__To do__. I would like every entry below written out exactly.

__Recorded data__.
◇ ◇ ◇ ◇ ◇
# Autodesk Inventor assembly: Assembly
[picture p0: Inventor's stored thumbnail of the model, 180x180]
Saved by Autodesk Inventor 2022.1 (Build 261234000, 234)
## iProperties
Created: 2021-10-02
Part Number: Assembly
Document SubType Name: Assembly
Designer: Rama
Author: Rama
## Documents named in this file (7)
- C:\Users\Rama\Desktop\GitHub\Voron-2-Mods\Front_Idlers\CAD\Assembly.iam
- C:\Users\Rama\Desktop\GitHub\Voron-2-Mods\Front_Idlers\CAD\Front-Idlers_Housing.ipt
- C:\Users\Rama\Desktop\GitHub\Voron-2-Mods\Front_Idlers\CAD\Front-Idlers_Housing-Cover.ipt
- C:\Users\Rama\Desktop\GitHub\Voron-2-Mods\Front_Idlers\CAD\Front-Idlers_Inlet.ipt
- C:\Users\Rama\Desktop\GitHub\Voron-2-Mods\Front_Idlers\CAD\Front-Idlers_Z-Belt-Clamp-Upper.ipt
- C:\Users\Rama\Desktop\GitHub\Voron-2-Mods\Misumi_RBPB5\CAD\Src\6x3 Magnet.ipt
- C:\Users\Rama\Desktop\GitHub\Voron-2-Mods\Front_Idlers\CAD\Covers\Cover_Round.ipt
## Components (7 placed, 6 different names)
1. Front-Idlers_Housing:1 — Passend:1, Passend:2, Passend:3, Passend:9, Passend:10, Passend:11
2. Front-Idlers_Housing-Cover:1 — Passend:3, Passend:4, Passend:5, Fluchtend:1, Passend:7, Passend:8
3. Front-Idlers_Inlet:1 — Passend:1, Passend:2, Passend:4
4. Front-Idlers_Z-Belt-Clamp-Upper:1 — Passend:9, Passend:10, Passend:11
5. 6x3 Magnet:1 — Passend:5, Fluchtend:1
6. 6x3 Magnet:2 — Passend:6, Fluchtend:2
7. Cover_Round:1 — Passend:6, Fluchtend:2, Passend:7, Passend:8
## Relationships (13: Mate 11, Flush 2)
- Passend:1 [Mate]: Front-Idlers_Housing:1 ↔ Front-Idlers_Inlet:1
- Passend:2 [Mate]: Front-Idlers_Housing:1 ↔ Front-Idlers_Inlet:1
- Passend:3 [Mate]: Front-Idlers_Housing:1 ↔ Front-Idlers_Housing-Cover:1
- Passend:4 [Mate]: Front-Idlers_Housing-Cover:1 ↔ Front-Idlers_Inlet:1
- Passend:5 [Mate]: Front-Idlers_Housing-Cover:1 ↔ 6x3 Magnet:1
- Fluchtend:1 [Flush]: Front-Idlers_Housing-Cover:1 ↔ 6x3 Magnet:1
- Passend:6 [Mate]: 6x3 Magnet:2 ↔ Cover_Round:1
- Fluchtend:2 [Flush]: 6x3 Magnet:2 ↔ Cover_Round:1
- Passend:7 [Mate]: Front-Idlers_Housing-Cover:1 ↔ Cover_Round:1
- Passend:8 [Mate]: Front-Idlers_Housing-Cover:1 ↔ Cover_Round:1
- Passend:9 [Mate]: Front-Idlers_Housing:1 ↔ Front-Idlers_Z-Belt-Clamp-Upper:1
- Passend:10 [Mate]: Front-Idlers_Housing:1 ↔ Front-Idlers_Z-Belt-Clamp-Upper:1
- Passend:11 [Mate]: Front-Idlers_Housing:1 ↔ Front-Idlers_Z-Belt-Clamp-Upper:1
◇ ◇ ◇ ◇ ◇
__Output below__.
# Autodesk Inventor assembly: Assembly
[picture p0: Inventor's stored thumbnail of the model, 180x180]
Saved by Autodesk Inventor 2022.1 (Build 261234000, 234)
## iProperties
Created: 2021-10-02
Part Number: Assembly
Document SubType Name: Assembly
Designer: Rama
Author: Rama
## Documents named in this file (7)
- C:\Users\Rama\Desktop\GitHub\Voron-2-Mods\Front_Idlers\CAD\Assembly.iam
- C:\Users\Rama\Desktop\GitHub\Voron-2-Mods\Front_Idlers\CAD\Front-Idlers_Housing.ipt
- C:\Users\Rama\Desktop\GitHub\Voron-2-Mods\Front_Idlers\CAD\Front-Idlers_Housing-Cover.ipt
- C:\Users\Rama\Desktop\GitHub\Voron-2-Mods\Front_Idlers\CAD\Front-Idlers_Inlet.ipt
- C:\Users\Rama\Desktop\GitHub\Voron-2-Mods\Front_Idlers\CAD\Front-Idlers_Z-Belt-Clamp-Upper.ipt
- C:\Users\Rama\Desktop\GitHub\Voron-2-Mods\Misumi_RBPB5\CAD\Src\6x3 Magnet.ipt
- C:\Users\Rama\Desktop\GitHub\Voron-2-Mods\Front_Idlers\CAD\Covers\Cover_Round.ipt
## Components (7 placed, 6 different names)
1. Front-Idlers_Housing:1 — Passend:1, Passend:2, Passend:3, Passend:9, Passend:10, Passend:11
2. Front-Idlers_Housing-Cover:1 — Passend:3, Passend:4, Passend:5, Fluchtend:1, Passend:7, Passend:8
3. Front-Idlers_Inlet:1 — Passend:1, Passend:2, Passend:4
4. Front-Idlers_Z-Belt-Clamp-Upper:1 — Passend:9, Passend:10, Passend:11
5. 6x3 Magnet:1 — Passend:5, Fluchtend:1
6. 6x3 Magnet:2 — Passend:6, Fluchtend:2
7. Cover_Round:1 — Passend:6, Fluchtend:2, Passend:7, Passend:8
## Relationships (13: Mate 11, Flush 2)
- Passend:1 [Mate]: Front-Idlers_Housing:1 ↔ Front-Idlers_Inlet:1
- Passend:2 [Mate]: Front-Idlers_Housing:1 ↔ Front-Idlers_Inlet:1
- Passend:3 [Mate]: Front-Idlers_Housing:1 ↔ Front-Idlers_Housing-Cover:1
- Passend:4 [Mate]: Front-Idlers_Housing-Cover:1 ↔ Front-Idlers_Inlet:1
- Passend:5 [Mate]: Front-Idlers_Housing-Cover:1 ↔ 6x3 Magnet:1
- Fluchtend:1 [Flush]: Front-Idlers_Housing-Cover:1 ↔ 6x3 Magnet:1
- Passend:6 [Mate]: 6x3 Magnet:2 ↔ Cover_Round:1
- Fluchtend:2 [Flush]: 6x3 Magnet:2 ↔ Cover_Round:1
- Passend:7 [Mate]: Front-Idlers_Housing-Cover:1 ↔ Cover_Round:1
- Passend:8 [Mate]: Front-Idlers_Housing-Cover:1 ↔ Cover_Round:1
- Passend:9 [Mate]: Front-Idlers_Housing:1 ↔ Front-Idlers_Z-Belt-Clamp-Upper:1
- Passend:10 [Mate]: Front-Idlers_Housing:1 ↔ Front-Idlers_Z-Belt-Clamp-Upper:1
- Passend:11 [Mate]: Front-Idlers_Housing:1 ↔ Front-Idlers_Z-Belt-Clamp-Upper:1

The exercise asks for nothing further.